1) The problem of finding the smallest entry in a list is linear-time with respect to the size of the input; calling that size 2^N instead of M doesn’t change things.
2) Accessing the nth element of a list isn’t O(1), because you have to read the bits of n for chrissake.
3) I’m not sure how you’re going to solve this with quantum voodoo in O(1), because just setting up the computation will take time (or space if you’re parallel) proportional to the length of the input list.
You can call it M, if you like. Then individual function evaluations cost log(log(M)). The point is the relative cost difference between function evaluations and function minimization.
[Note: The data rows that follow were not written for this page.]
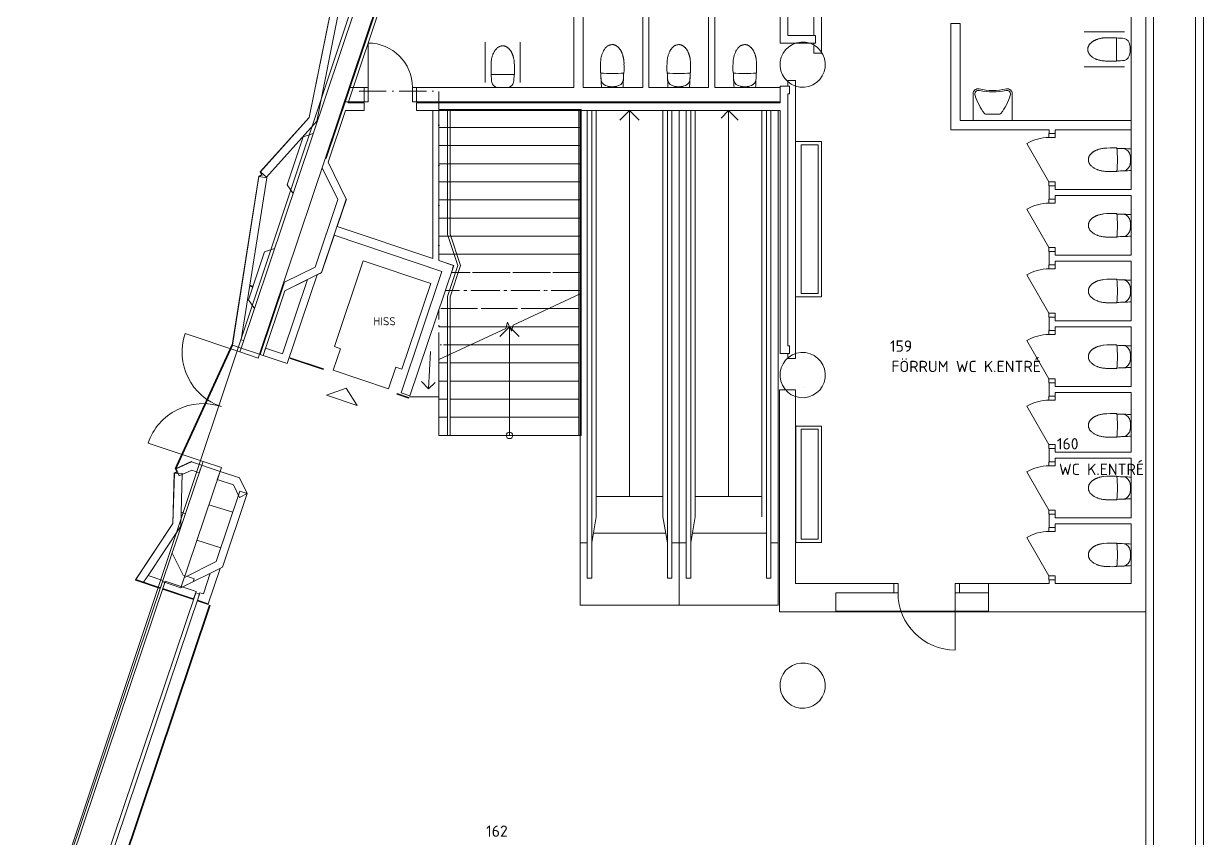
# Model space of a CAD drawing. Header units: millimetres. Extents: x -106764 to 80178, y -104573 to 57950.
# Drawn here: x 59093 to 77319, y -38109 to -25512 of the extents above; entities that cross this region are included whole.
import ezdxf

# ---------------------------------------------------------------- set-up
doc = ezdxf.new("R2010")
doc.units = ezdxf.units.MM
doc.header["$LTSCALE"] = 100
doc.linetypes.add('Overhead', pattern=[6.2, 4.2, -1, 0, -1])
for name, color, linetype, lineweight in [('A-------EMN', 10, 'Continuous', 35), ('A-------T--', 1, 'Continuous', 13), ('A----003E-N', 10, 'Continuous', 35), ('A----004E-N', 4, 'Continuous', 13), ('A-27C---E-N', 7, 'Continuous', 18), ('A-27C---EJN', 1, 'Continuous', 9), ('A-27D---E-N', 7, 'Continuous', 9), ('A-42D--CE-N', 1, 'Continuous', 9), ('A-42E---E-N', 7, 'Continuous', 9), ('A-43CB--E-N', 3, 'Continuous', 18), ('A-43CB--EJN', 1, 'Continuous', 9), ('A-44B---E-N', 1, 'Continuous', 9), ('A-45BY--E-N', 1, 'Continuous', 9), ('A-45CA--E-N', 1, 'Continuous', 9), ('A-45CA--EMN', 4, 'Overhead', 9), ('A-5-----E-N', 1, 'Continuous', 9), ('A-71----E--', 1, 'Continuous', 0), ('A-73----E--', 1, 'Continuous', 0), ('A-A-NTA-T2N', 1, 'Continuous', 13)]:
    doc.layers.add(name, color=color, linetype=linetype, lineweight=lineweight)
doc.styles.add('ISOCPEUR', font='isocpeur.ttf', dxfattribs={"height": 350})
doc.styles.add('ISOCPEUR_1', font='isocpeur.ttf', dxfattribs={"height": 500.025001})

# ---------------------------------------------------------------- blocks, each defined once
blk = doc.blocks.new('A-40_P0010_Ej modellerat_dwg_HWC_ABAKO_0003 - Armstöd Vägghängd-V31-A-40-P-010-10184572-A-40_P0010')
at = {"layer": 'A-5-----E-N'}
for p, q in [((-270, -712), (-270, -87)), ((270, -712), (270, -87)), ((-180, -214), (180, -214))]:
    blk.add_line(p, q, dxfattribs=at)
at = {"layer": 'A-5-----E-N', "flags": 128}
for points in [[(-177, -214), (-180, -214), (-180, -369)], [(180, -369), (180, -214), (177, -214)]]:
    blk.add_lwpolyline(points, dxfattribs=at)
at = {"layer": 'A-5-----E-N'}
for centre, radius, start, end in [((944, -222), 1121, 173.2547, 179.5859), ((-51, -128), 124, 111.5114, 162.1874), ((51, -128), 124, 17.8126, 68.4886), ((-944, -222), 1121, 0.4141, 6.7453)]:
    blk.add_arc(centre, radius, start, end, dxfattribs=at)
blk.add_open_spline([(-180, -369), (-180, -379), (-179, -394), (-178, -414), (-176, -428), (-174, -443), (-171, -457), (-168, -472), (-164, -486), (-160, -499), (-156, -512), (-151, -525), (-145, -538), (-140, -549), (-134, -561), (-127, -572), (-120, -582), (-113, -592), (-106, -601), (-98, -610), (-90, -618), (-82, -625), (-73, -631), (-64, -637), (-56, -642), (-47, -646), (-37, -650), (-28, -653), (-19, -654), (-9, -656), (0, -656), (9, -656), (18, -655), (27, -653), (38, -650), (48, -645), (59, -640), (69, -634), (82, -625), (96, -612), (107, -599), (116, -588), (124, -577), (134, -561), (142, -544), (149, -530), (155, -515), (161, -496), (168, -472), (173, -447), (177, -421), (179, -395), (180, -378), (180, -369)], degree=3, knots=[0, 0, 0, 0, 0.033333, 0.05, 0.066667, 0.083333, 0.1, 0.116667, 0.133333, 0.15, 0.166667, 0.183333, 0.2, 0.216667, 0.233333, 0.25, 0.266667, 0.283333, 0.3, 0.316667, 0.333333, 0.35, 0.366667, 0.383333, 0.4, 0.416667, 0.433333, 0.45, 0.466667, 0.483333, 0.5, 0.516667, 0.533333, 0.547917, 0.5625, 0.591667, 0.60625, 0.620833, 0.65, 0.679167, 0.708333, 0.722917, 0.7375, 0.766667, 0.795833, 0.810417, 0.825, 0.854167, 0.883333, 0.9125, 0.941667, 0.970833, 1, 1, 1, 1], dxfattribs=at)
blk = doc.blocks.new('A-40_P0010_Ej modellerat_dwg_WC Vägghängd-6893_Ifo - Standard-1610373-A-40-P-010-10184566-A-40_P0010')
at = {"layer": 'A-5-----E-N'}
for p, q in [((-45, 218), (-49, 263)), ((295, 218), (299, 263))]:
    blk.add_line(p, q, dxfattribs=at)
for centre, radius, start, end in [((1533, 407), 1591, 175.213, 182.5562), ((-1283, 407), 1591, 357.4438, 2.5562), ((125, 2079), 1753, 264.0529, 264.2474), ((125, 2079), 1753, 264.0529, 275.9471), ((4089, 393), 4140, 180.808, 183.8896), ((77, 256), 128, 197.252, 260.748), ((173, 256), 128, 279.252, 342.748), ((-3839, 393), 4140, 356.1104, 359.192), ((125, 2079), 1753, 275.7526, 275.9471), ((125, 549), 425, 260.748, 279.252)]:
    blk.add_arc(centre, radius, start, end, dxfattribs=at)
blk.add_open_spline([(307, 478), (307, 487), (306, 507), (304, 531), (301, 549), (299, 564), (296, 577), (293, 591), (289, 604), (285, 617), (281, 630), (276, 642), (271, 654), (266, 666), (260, 677), (254, 687), (248, 697), (241, 707), (234, 716), (227, 724), (219, 732), (211, 739), (203, 746), (195, 752), (187, 757), (179, 762), (170, 766), (162, 769), (153, 772), (144, 773), (135, 775), (124, 775), (111, 774), (95, 771), (80, 766), (65, 759), (51, 749), (39, 740), (30, 731), (21, 722), (11, 710), (1, 696), (-6, 684), (-13, 671), (-21, 655), (-30, 634), (-38, 611), (-44, 588), (-49, 564), (-52, 548), (-53, 539)], degree=3, knots=[0, 0, 0, 0, 0.033333, 0.066667, 0.083333, 0.1, 0.116667, 0.133333, 0.15, 0.166667, 0.183333, 0.2, 0.216667, 0.233333, 0.25, 0.266667, 0.283333, 0.3, 0.316667, 0.333333, 0.35, 0.366667, 0.383333, 0.4, 0.416667, 0.433333, 0.45, 0.466667, 0.483333, 0.5, 0.516667, 0.533333, 0.5625, 0.591667, 0.620833, 0.65, 0.679167, 0.708333, 0.722917, 0.7375, 0.766667, 0.795833, 0.810417, 0.825, 0.854167, 0.883333, 0.9125, 0.941667, 0.970833, 1, 1, 1, 1], dxfattribs=at)
blk = doc.blocks.new('A-40_P0010_Ej modellerat_dwg_Innerdörr standard - D10I-3700853-A-40-P-010-10184575-A-40_P0010')
at = {"layer": 'A-42D--CE-N'}
blk.add_line((430, -73), (492, -73), dxfattribs=at)
at = {"layer": 'A-42D--CE-N', "flags": 128}
for points in [[(-518, -73), (-455, -73), (-455, 72), (-518, 72)], [(492, 72), (430, 72), (430, -73), (430, -957)]]:
    blk.add_lwpolyline(points, dxfattribs=at)
at = {"layer": 'A-42D--CE-N'}
blk.add_arc((430, -73), 885, 180, 270, dxfattribs=at)
blk = doc.blocks.new('A-40_P0010_Ej modellerat_dwg_Parytterdörr standard - PD19A-1878437-A-40-P-010-10184579-A-40_P0010')
at = {"layer": 'A-42D--CE-N'}
for p, q in [((-905, 150), (-968, 150)), ((880, 150), (942, 150))]:
    blk.add_line(p, q, dxfattribs=at)
at = {"layer": 'A-42D--CE-N', "flags": 128}
for points in [[(-968, -150), (-905, -150), (-905, 150), (-905, 1042)], [(942, -150), (880, -150), (880, 150), (880, 1042)]]:
    blk.add_lwpolyline(points, dxfattribs=at)
at = {"layer": 'A-42D--CE-N'}
for centre, radius, start, end in [((-905, 150), 893, 360, 90), ((880, 150), 892, 90, 180)]:
    blk.add_arc(centre, radius, start, end, dxfattribs=at)
blk = doc.blocks.new('A-40_P0010_Ej modellerat_dwg_HWC_ABAKO_0003 - Armstöd Vägghängd-4341065-A-40-P-010-10184580-A-40_P0010')
at = {"layer": 'A-5-----E-N'}
for p, q in [((-270, 712), (-270, 87)), ((270, 712), (270, 87)), ((-180, 214), (180, 214))]:
    blk.add_line(p, q, dxfattribs=at)
at = {"layer": 'A-5-----E-N', "flags": 128}
for points in [[(-177, 214), (-180, 214), (-180, 369)], [(180, 369), (180, 214), (177, 214)]]:
    blk.add_lwpolyline(points, dxfattribs=at)
at = {"layer": 'A-5-----E-N'}
for centre, radius, start, end in [((944, 222), 1121, 180.4141, 186.7453), ((-944, 222), 1121, 353.2547, 359.5859), ((-51, 128), 124, 197.8126, 262.1874), ((0, 482), 482, 261.8902, 278.1098), ((51, 128), 124, 277.8126, 342.1874)]:
    blk.add_arc(centre, radius, start, end, dxfattribs=at)
blk.add_open_spline([(-180, 369), (-180, 378), (-179, 395), (-177, 421), (-173, 447), (-168, 472), (-161, 496), (-155, 515), (-149, 530), (-142, 544), (-134, 561), (-124, 577), (-116, 588), (-107, 599), (-96, 612), (-82, 625), (-69, 634), (-59, 640), (-48, 645), (-38, 650), (-27, 653), (-18, 655), (-9, 656), (0, 656), (9, 656), (19, 654), (28, 653), (37, 650), (47, 646), (56, 642), (64, 637), (73, 631), (82, 625), (90, 618), (98, 610), (106, 601), (113, 592), (120, 582), (127, 572), (134, 561), (140, 549), (145, 538), (151, 525), (156, 512), (160, 499), (164, 486), (168, 472), (171, 457), (174, 443), (176, 428), (178, 414), (179, 394), (180, 379), (180, 369)], degree=3, knots=[-1, -1, -1, -1, -0.970833, -0.941667, -0.9125, -0.883333, -0.854167, -0.825, -0.810417, -0.795833, -0.766667, -0.7375, -0.722917, -0.708333, -0.679167, -0.65, -0.620833, -0.60625, -0.591667, -0.5625, -0.547917, -0.533333, -0.516667, -0.5, -0.483333, -0.466667, -0.45, -0.433333, -0.416667, -0.4, -0.383333, -0.366667, -0.35, -0.333333, -0.316667, -0.3, -0.283333, -0.266667, -0.25, -0.233333, -0.216667, -0.2, -0.183333, -0.166667, -0.15, -0.133333, -0.116667, -0.1, -0.083333, -0.066667, -0.05, -0.033333, 0, 0, 0, 0], dxfattribs=at)
blk = doc.blocks.new('A-40_P0010_Ej modellerat_dwg_Innerdörr standard - D8A-3693974-A-40-P-010-10184488-A-40_P0010')
at = {"layer": 'A-42D--CE-N'}
blk.add_line((330, -48), (392, -48), dxfattribs=at)
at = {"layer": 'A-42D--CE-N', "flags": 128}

Good point. Function calls will be O(log(N)).
Right, the setup of the problem is separate. It could have been handed to you on a flash drive. The point is there exist functions such that we can calculate single evaluations quickly, but can’t minimize the entire function quickly.
Well yeah, but the definitions of P and NP involve the size of the input. Your original claim was that we can solve “much harder than NP-complete” problems with quantum voodoo. I don’t think you’ve proved it yet, but if you revise it to somehow talk about “relative cost differences”, it does become somewhat more believable.